This article describes a simple order dispatch system that implements proximity-based order dispatch and ride-sharing using PostgreSQL and the spatial database plugin PostGIS.

You can use SKIP LOCKED and advisory locks to avoid lock conflicts during peak hours.

PostgreSQL Design

1) Spatial Database Plugin PostGIS

Creates a spatial database in PostgreSQL.

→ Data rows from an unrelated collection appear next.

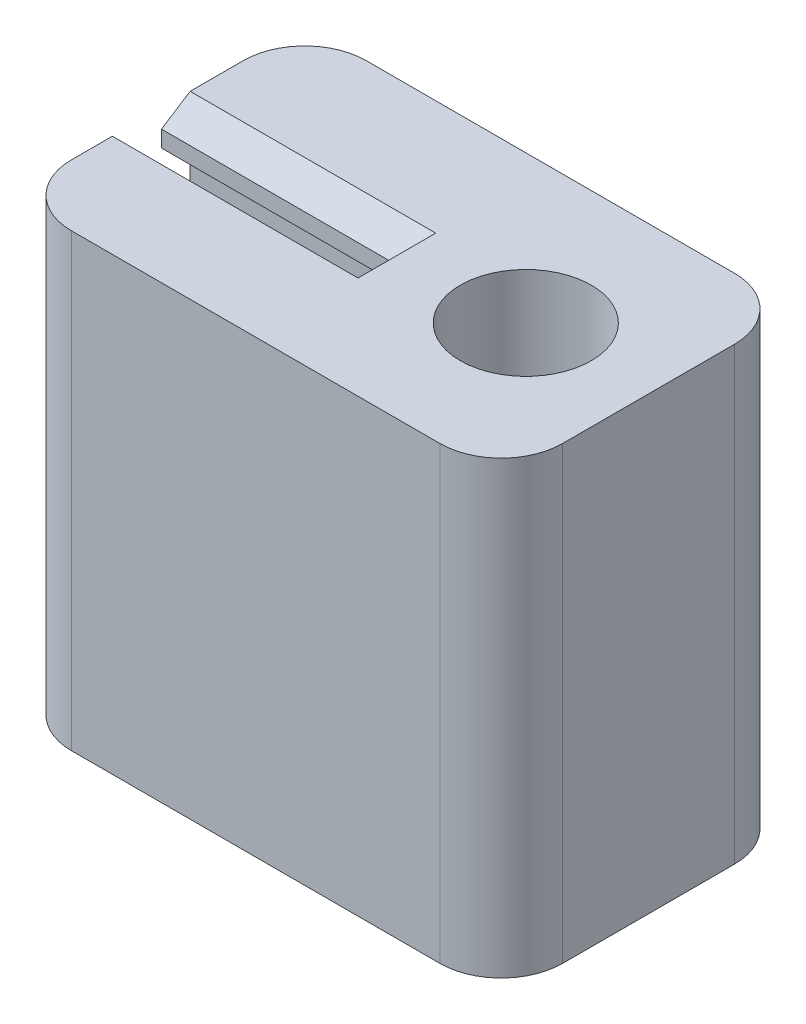
SolidWorks part; units mm, degrees
material "ABS"
ref_plane "Front Plane" through (0, 0, 0) normal (0, 0, 1) x (1, 0, 0)
ref_plane "Top Plane" through (0, 0, 0) normal (0, 1, 0) x (1, 0, 0)
ref_plane "Right Plane" through (0, 0, 0) normal (1, 0, 0) x (0, 0, -1)
sketch "Sketch1" plane through (0, 0, 0) normal (0, 1, 0) x (1, 0, 0)
  line L0 (-6, 0) -> (6, 0) construction
  line L1 (-4.5, -3.6) -> (4.5, -3.6)
  line L2 (-6, -2.1) -> (-6, 2.1)
  line L3 (-4.5, 3.6) -> (4.5, 3.6)
  line L4 (6, -2.1) -> (6, 2.1)
  line L5 (-6, -3.6) -> (6, 3.6) construction
  line L6 (-6, 3.6) -> (6, -3.6) construction
  circle A0 centre (3, 0) radius 1.6
  arc A1 (4.5, 3.6) -> (6, 2.1) centre (4.5, 2.1) cw
  arc A2 (6, -2.1) -> (4.5, -3.6) centre (4.5, -2.1) cw
  arc A3 (-4.5, -3.6) -> (-6, -2.1) centre (-4.5, -2.1) cw
  arc A4 (-6, 2.1) -> (-4.5, 3.6) centre (-4.5, 2.1) cw
  point P0 (0, 0)
  dimension "D3" = 3.2
  dimension "D4" = 3
  dimension "D5" = 1.5
  dimension "D1" = 7.2
  dimension "D2" = 12
extrude "Boss-Extrude1" add sketch "Sketch1" against normal blind 11
sketch "Sketch2" plane through (-6, 0, 0) normal (-1, 0, 0) x (0, 0, 1)
  line L0 (-3.6, -11) -> (-3.6, 0) construction
  line L1 (-2.1, 0) -> (2.1, 0) construction
  line L2 (-2.1, -11) -> (2.1, -11) construction
  line L3 (0, 0) -> (0, -11) construction
  line L4 (1.1, -11) -> (-0.3334, -11)
  line L5 (1.1, 0) -> (1.1, -11)
  line L6 (1.1, 0) -> (-0.8, 0)
  line L7 (-0.8, 0) -> (-0.1, -0.45)
  line L8 (-0.1, -0.45) -> (-0.1, -0.85)
  line L9 (-0.1, -0.85) -> (-0.8, -1.3)
  line L10 (-0.8, -1.3) -> (-0.8, -1.65)
  line L11 (-0.1, -0.65) -> (-0.8, -0.65) construction
  line L12 (-0.8, 0) -> (-0.8, 0.35)
  line L13 (-0.8, 0) -> (-0.8, -1.3) construction
  line L14 (-0.8, -2) -> (-0.8, -1.65)
  line L15 (-0.8, -2) -> (-0.1, -2.45)
  line L16 (-0.1, -2.45) -> (-0.1, -2.85)
  line L17 (-0.1, -2.85) -> (-0.8, -3.3)
  line L18 (-0.8, -3.3) -> (-0.8, -3.65)
  line L19 (-0.8, -4) -> (-0.8, -3.65)
  line L20 (-0.8, -4) -> (-0.1, -4.45)
  line L21 (-0.1, -4.45) -> (-0.1, -4.85)
  line L22 (-0.1, -4.85) -> (-0.8, -5.3)
  line L23 (-0.8, -5.3) -> (-0.8, -5.65)
  line L24 (-0.8, -6) -> (-0.8, -5.65)
  line L25 (-0.8, -6) -> (-0.1, -6.45)
  line L26 (-0.1, -6.45) -> (-0.1, -6.85)
  line L27 (-0.1, -6.85) -> (-0.8, -7.3)
  line L28 (-0.8, -7.3) -> (-0.8, -7.65)
  line L29 (-0.8, -8) -> (-0.8, -7.65)
  line L30 (-0.8, -8) -> (-0.1, -8.45)
  line L31 (-0.1, -8.45) -> (-0.1, -8.85)
  line L32 (-0.1, -8.85) -> (-0.8, -9.3)
  line L33 (-0.8, -9.3) -> (-0.8, -9.65)
  line L34 (-0.8, -10) -> (-0.8, -9.65)
  line L35 (-0.8, -10) -> (-0.1, -10.45)
  line L36 (-0.1, -10.45) -> (-0.1, -10.85)
  line L37 (-0.1, -10.85) -> (-0.3334, -11)
  line L40 (-0.8, -11.3) -> (-0.8, -11.65) [skipped]
  point P9 (-0.8, -0.65)
  line M1 (2.1, 0) -> (-2.1, 0)
  line M3 (-2.1, -11) -> (2.1, -11)
  dimension "D1" = 1.2
  dimension "D2" = 0.7
  dimension "D3" = 6
  dimension "D4" = 0.35
  dimension "D5" = 0.4
  dimension "D6" = 3.5
  dimension "D7" = 2
  dimension "D9" = 0.35
  dimension "D10" = 2
extrude "Cut-Extrude1" cut sketch "Sketch2" against normal blind 6 contours L36 L37 L5 L7 L8 L9 L10 L14 L15 L16 L17 L18 L19 L20 L21 L22 L23 L24 L25 L26 L27 L28 L29 L30 L31 L32 L33 L34 L35 M3 M1 region at (-6, -5.4918, 0.2826)
sketch "Sketch3" [suppressed] plane through (0, -11, 0) normal (0, -1, 0) x (1, 0, 0)
  line L12 (0, 1.1) -> (-6, 1.1) construction
  line L13 (0, -0.3334) -> (0, 1.1) construction
  line L14 (0, -0.3334) -> (-6, -0.3334) construction
  line L15 (-4.5, -6.6) -> (4.5, -6.6)
  line L16 (9, -2.1) -> (9, 2.1)
  line L17 (4.5, 6.6) -> (-4.5, 6.6)
  line L18 (-4.5, -6.6) -> (4.5, -6.6)
  line L19 (9, -2.1) -> (9, 2.1)
  line L20 (4.5, 6.6) -> (-4.5, 6.6)
  line L21 (0, 1.1) -> (-9, 1.1)
  line L22 (0, -0.3334) -> (0, 1.1)
  line L23 (0, -0.3334) -> (-9, -0.3334)
  line L24 (-9, 2.1) -> (-9, 1.1)
  line L25 (-9, -0.3334) -> (-9, -2.1)
  arc A20 (-9, -2.1) -> (-4.5, -6.6) centre (-4.5, -2.1) ccw
  arc A21 (4.5, -6.6) -> (9, -2.1) centre (4.5, -2.1) ccw
  arc A22 (9, 2.1) -> (4.5, 6.6) centre (4.5, 2.1) ccw
  arc A23 (-4.5, 6.6) -> (-9, 2.1) centre (-4.5, 2.1) ccw
  arc A24 (-9, -2.1) -> (-4.5, -6.6) centre (-4.5, -2.1) ccw
  arc A25 (4.5, -6.6) -> (9, -2.1) centre (4.5, -2.1) ccw
  arc A26 (9, 2.1) -> (4.5, 6.6) centre (4.5, 2.1) ccw
  arc A27 (-4.5, 6.6) -> (-9, 2.1) centre (-4.5, 2.1) ccw
  dimension "D1" = 3
extrude "Boss-Extrude2" [suppressed] add sketch "Sketch3" against normal blind 0.44
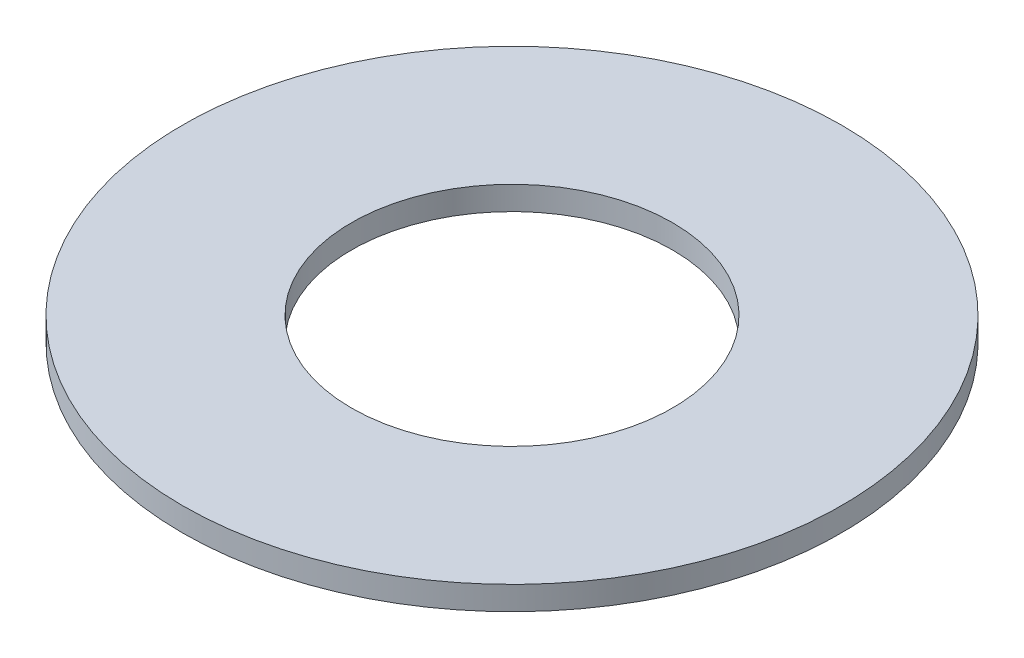
SolidWorks part; units mm, degrees
ref_plane "Front Plane" through (0, 0, 0) normal (0, 0, 1) x (1, 0, 0)
ref_plane "Top Plane" through (0, 0, 0) normal (0, 1, 0) x (1, 0, 0)
ref_plane "Right Plane" through (0, 0, 0) normal (1, 0, 0) x (0, 0, -1)
sketch "Sketch1" plane through (0, 0, 0) normal (0, 1, 0) x (1, 0, 0)
  circle A0 centre (0, 0) radius 97.5
  dimension "FLANGE_OD" = 195
extrude "Boss-Extrude1" add sketch "Sketch1" along normal blind 7
sketch "Sketch2" plane through (0, 0, 0) normal (0, 1, 0) x (1, 0, 0)
  circle A0 centre (0, 0) radius 47.5
  dimension "BORE_D" = 95
extrude "Cut-Extrude1" cut sketch "Sketch2" along normal through all
sketch "Sketch3" plane through (0, 7, 0) normal (0, 1, 0) x (1, 0, 0)
  circle A0 centre (0, 0) radius 38.3728 construction
  circle A1 centre (-38.3728, 0) radius 8.463
  dimension "BOLT_D" = 16.926
  dimension "BOLT_PCD" = 76.7456
extrude "Cut-Extrude2" cut sketch "Sketch3" against normal blind 5.7121 rebuild error yes
pattern_circular "CirPattern1" count 4 over 360 rebuild error yes
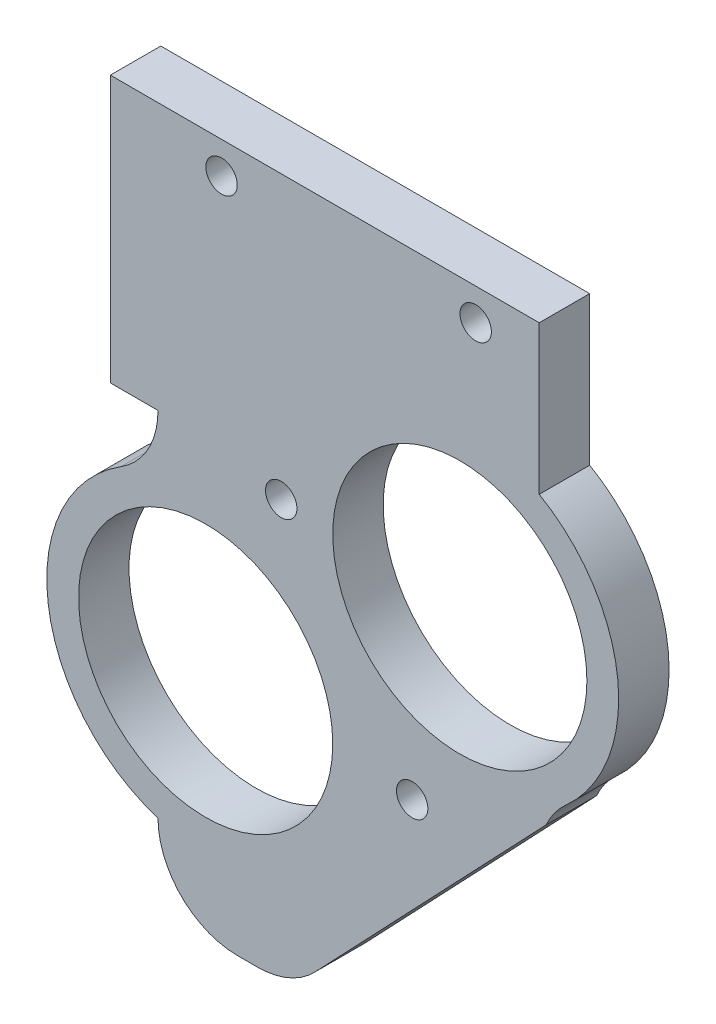
SolidWorks part; units mm, degrees
ref_plane "Front Plane" through (0, 0, 0) normal (0, 0, 1) x (1, 0, 0)
ref_plane "Top Plane" through (0, 0, 0) normal (0, 1, 0) x (1, 0, 0)
ref_plane "Right Plane" through (0, 0, 0) normal (1, 0, 0) x (0, 0, -1)
sketch "Sketch1" plane through (0, 0, 0) normal (0, 0, 1) x (1, 0, 0)
  line L0 (-8.0593, 14.2227) -> (39.9407, 14.2227) construction
  line L1 (15.7715, -0.4257) -> (39.9407, -0.4257)
  line L3 (-8.0593, 47.5743) -> (17.9823, 47.5743)
  line L4 (39.9407, -0.4257) -> (39.9407, 14.2227)
  line L5 (15.9407, 14.2227) -> (15.9407, 31.5432) construction
  line L6 (15.9407, 31.5432) -> (29.9407, 31.5432) construction
  line L7 (15.9407, 14.2227) -> (15.9407, 8.6332) construction
  line L8 (15.9407, 8.6332) -> (-2.0593, 8.6332) construction
  line L9 (-8.0593, 27.7119) -> (-8.0593, 47.5743)
  line L11 (-2.0593, 8.6332) -> (15.9407, 47.5743) construction
  arc A0 (-8.0593, 27.7119) -> (15.7715, -0.4257) centre (-2.0593, 8.6332) ccw
  circle A1 centre (-2.0593, 8.6332) radius 16
  circle A2 centre (29.9407, 31.5432) radius 16
  arc A3 (39.9407, 14.2227) -> (17.9823, 47.5743) centre (29.9407, 31.5432) ccw
  circle A4 centre (15.9407, 47.5743) radius 7 construction
  circle A5 centre (15.9407, 47.5743) radius 7 construction
  circle A6 centre (15.9407, -0.4257) radius 7 construction
  circle A7 centre (15.9407, -0.4257) radius 7 construction
  dimension "D2" = 32
  dimension "D3" = 32
  dimension "D4" = 34.9
  dimension "D9" = 20
  dimension "D10" = 20
  dimension "D1" = 48
  dimension "D5" = 14
  dimension "D6" = 42.9
  dimension "D7" = 18
  dimension "D8" = 48
  dimension "D11" = 24
extrude "Boss-Extrude1" add sketch "Sketch1" along normal blind 6.35
fillet "Fillet1" radius 10 4 edges at (15.7715, -0.4257, 3.175) (39.9407, 14.2227, 3.175) (17.9823, 47.5743, 3.175) (-8.0593, 27.7119, 3.175)
sketch "Sketch2" plane through (0, 0, 0) normal (0, 0, -1) x (-1, 0, 0)
  line L0 (-39.9407, -0.4257) -> (-39.9407, 9.1825) construction
  line L1 (8.0593, 47.5743) -> (-39.9407, 47.5743)
  line L2 (8.0593, 47.5743) -> (8.0593, 67.5743)
  line L3 (8.0593, 67.5743) -> (-39.9407, 67.5743)
  line L4 (-39.9407, 47.5743) -> (-39.9407, 67.5743)
  line L5 (-15.9407, 47.5743) -> (-15.9407, -0.4257) construction
  line L6 (-21.1088, -0.4257) -> (-39.9407, -0.4257) construction
  line L7 (-15.9407, 23.5743) -> (-12.6358, 23.5743) construction
  line L8 (-39.9407, -0.4257) -> (-39.9407, -20.4257)
  line L9 (8.0593, -20.4257) -> (-39.9407, -20.4257)
  line L10 (8.0593, -6.1992) -> (8.0593, -20.4257)
  line L11 (-11.1292, -0.4257) -> (-39.9407, -0.4257)
  circle A0 centre (2.0593, 8.6332) radius 16 construction
  arc A1 (-11.1292, -0.4257) -> (8.0593, -6.1992) centre (2.0593, 8.6332) ccw
  dimension "D1" = 20
extrude "Boss-Extrude2" add sketch "Sketch2" against normal up to surface (6.35 mm away) up to face at (13.9407, 8.6332, 6.35)
sketch "Sketch3" plane through (0, 0, 0) normal (0, 0, -1) x (-1, 0, 0)
sketch "Sketch4" plane through (-8.0593, 0, 0) normal (-1, 0, 0) x (0, 0, 1)
  line L1 (6.35, 67.5743) -> (0, 67.5743)
  line L2 (6.35, 67.5743) -> (6.35, 34.0103)
  line L3 (6.35, 34.0103) -> (0, 34.0103)
  line L4 (0, 67.5743) -> (0, 34.0103)
extrude "Boss-Extrude3" add sketch "Sketch4" along normal blind 6
sketch "Sketch5" plane through (0, 0, 6.35) normal (0, 0, 1) x (1, 0, 0)
  circle A0 centre (31.9407, 63.5743) radius 1.9763
  circle A1 centre (-0.0593, 63.5743) radius 1.9763
  circle A2 centre (23.9407, 7.5743) radius 1.9763
  circle A3 centre (7.4554, 32.0596) radius 1.9763
extrude "Cut-Extrude1" cut sketch "Sketch5" against normal through all
sketch "Sketch6" plane through (-14.0593, 0, 0) normal (-1, 0, 0) x (0, 0, 1)
  circle A0 centre (2.7478, 62.5612) radius 0.8188
  circle A1 centre (2.7568, 51.3138) radius 0.8188
  circle A2 centre (2.7568, 40.3138) radius 0.8188
extrude "Cut-Extrude2" cut sketch "Sketch6" against normal blind 4
sketch "Sketch7" plane through (0, 0, 0) normal (0, 0, -1) x (-1, 0, 0)
  line L0 (-40.812, 13.265) -> (-6.1406, -23.1855)
  line L1 (-6.1406, -23.1855) -> (-44.1636, -23.1855)
  line L2 (-44.1636, -23.1855) -> (-44.1636, 13.265)
  line L3 (-44.1636, 13.265) -> (-40.812, 13.265)
  arc A0 (-39.9407, 9.1825) -> (-43.2741, 16.636) centre (-49.9407, 9.1825) ccw construction
extrude "Cut-Extrude3" cut sketch "Sketch7" against normal through all
fillet "Fillet2" radius 10 2 edges at (-8.0593, -20.4257, 3.175) (8.7657, -20.4257, 3.175)

postgres=# create extension postgis;  
CREATE EXTENSION  

2) Car Location Table

Records the real-time locations of cars, whether they have trips to fulfill, and whether there are seats available (sets available seats of a car to 0 if the car is fulfilling a non-sharing trip).

create table car (  
  id int primary key,                          -- 车辆ID,主键  
  pos geometry,                                -- 实时位置, 使用PostGIS,geometry类型  
  sites int2 not null default 4,               -- 总座位数  
  rest_sites int2,                             -- 剩余座位数 (因为有拼车业务)  
  mod_time timestamp,                          -- 位置修改时间  
  order_pos geometry[],                        -- 当前订单对应用户打车的目的地位置  
  check (rest_sites <= sites and rest_sites>=0 and sites>0)  
);  

3) User Table

create table users (  
  id int8 primary key,  -- ID  
  otherinfo jsonb       -- 其他信息,请允许我偷懒一下使用JSON,实际上我这里派单只需要记录ID  
);  

4) Order Table

Records all orders and their status.

create table orders (  
  id serial8 primary key,   -- 订单号  
  carid int,             -- 车辆ID  
  uid int8,              -- 用户ID  
  crt_time timestamp,    -- 订单创建时间  
  pos1 geometry,         -- 上车位置  
  pos2 geometry,         -- 目的地  
  sites int2,            -- 乘坐几人  
  status int2            -- 订单状态(进行中 2, 取消 1, 结束 0)  
);  

5) Real-time Update of Car Locations

The location data is reported and updated every N seconds (for example, 5 seconds).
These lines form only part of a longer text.